Assignment: Pictures are to be left out. Copy exactly, and only, the lines from the start of the entries below to the line with "make_face()", both included.

BEGIN Listed records

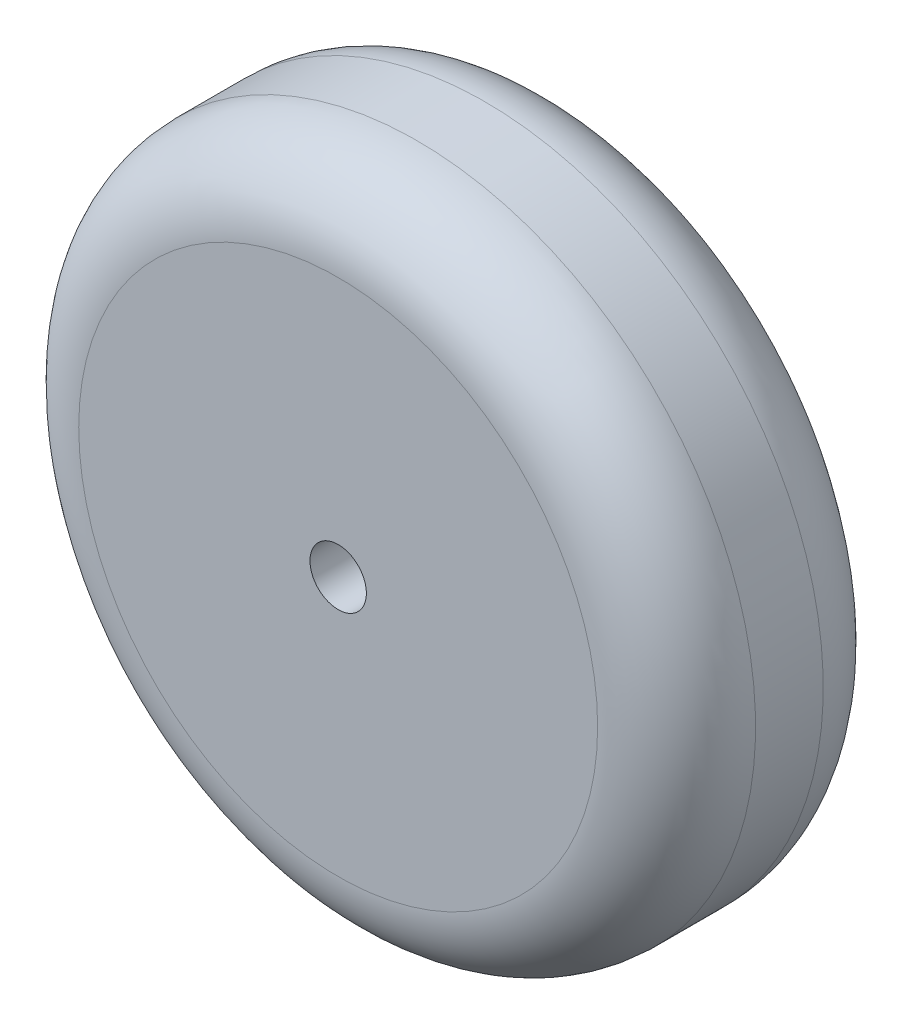
from build123d import *

# Parameters (mm, degrees)
SKETCH2_R               = 6.35
CUT_EXTRUDE1_DEPTH      = 108.458
CUT_EXTRUDE1_DEPTH_BACK = 134.62


with BuildPart() as part:
    # Sketch1 → Revolve2 (revolve)
    with BuildSketch(Plane(origin=(0, 0, 0), x_dir=(0, 0, -1), z_dir=(1, 0, 0))):
        with BuildLine():
            Line((-25.4, 0), (-25.4, 58.42))
            ThreePointArc((-25.4, 58.42), (-20.192358569, 70.992358569), (-7.62, 76.2))
            Line((-7.62, 76.2), (7.62, 76.2))
            ThreePointArc((7.62, 76.2), (20.192358569, 70.992358569), (25.4, 58.42))
            Line((25.4, 58.42), (25.4, 0))
            Line((25.4, 0), (-25.4, 0))
        make_face()
    revolve(axis=Axis((0, 0, -37.220072608), (0, 0, 1)))

    # Sketch2 → Cut-Extrude1 (cut, two sides)
    with BuildSketch(Plane.XY) as cut_extrude1_sk:
        Circle(SKETCH2_R)
    extrude(amount=CUT_EXTRUDE1_DEPTH, mode=Mode.SUBTRACT)
    extrude(cut_extrude1_sk.sketch, amount=-CUT_EXTRUDE1_DEPTH_BACK, mode=Mode.SUBTRACT)


solid = part.part
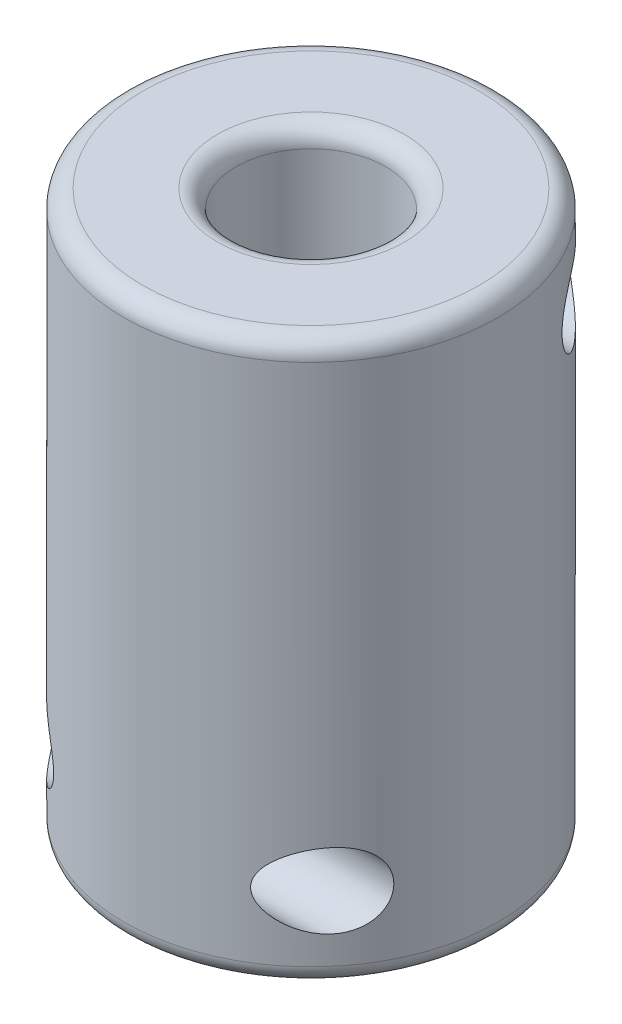
from build123d import *

# Parameters (mm, degrees)
SKETCH1_R               = 10
SKETCH1_R_2             = 4
BOSS_EXTRUDE1_DEPTH     = 30
SKETCH2_R               = 2
CUT_EXTRUDE1_DEPTH      = 11
CUT_EXTRUDE1_DEPTH_BACK = 11
FILLET1_R               = 1


with BuildPart() as part:
    # Sketch1 → Boss-Extrude1 (new body)
    with BuildSketch(Plane(origin=(0, 0, 0), x_dir=(1, 0, 0), z_dir=(0, 1, 0))):
        Circle(SKETCH1_R)
        Circle(SKETCH1_R_2, mode=Mode.SUBTRACT)
    extrude(amount=BOSS_EXTRUDE1_DEPTH)

    # Sketch2 → Cut-Extrude1 (cut, two sides)
    with BuildSketch(Plane(origin=(0, 0, 0), x_dir=(0, 0, -1), z_dir=(1, 0, 0))) as cut_extrude1_sk:
        with Locations((6.5, 25.5)):
            Circle(SKETCH2_R)
        with Locations((-6.5, 4.5)):
            Circle(SKETCH2_R)
    extrude(amount=CUT_EXTRUDE1_DEPTH, mode=Mode.SUBTRACT)
    extrude(cut_extrude1_sk.sketch, amount=-CUT_EXTRUDE1_DEPTH_BACK, mode=Mode.SUBTRACT)

    # Fillet1
    fillet1_edges = [part.edges().sort_by_distance(p)[0] for p in [
        (-10, 0, 0),
        (-10, 30, 0),
        (-4, 0, 0),
        (-4, 30, 0),
    ]]
    fillet(fillet1_edges, radius=FILLET1_R)


solid = part.part

END Listed records

Reply:
from build123d import *

# Parameters (mm, degrees)
SKETCH2_R               = 6.35
CUT_EXTRUDE1_DEPTH      = 108.458
CUT_EXTRUDE1_DEPTH_BACK = 134.62


with BuildPart() as part:
    # Sketch1 → Revolve2 (revolve)
    with BuildSketch(Plane(origin=(0, 0, 0), x_dir=(0, 0, -1), z_dir=(1, 0, 0))):
        with BuildLine():
            Line((-25.4, 0), (-25.4, 58.42))
            ThreePointArc((-25.4, 58.42), (-20.192358569, 70.992358569), (-7.62, 76.2))
            Line((-7.62, 76.2), (7.62, 76.2))
            ThreePointArc((7.62, 76.2), (20.192358569, 70.992358569), (25.4, 58.42))
            Line((25.4, 58.42), (25.4, 0))
            Line((25.4, 0), (-25.4, 0))
        make_face()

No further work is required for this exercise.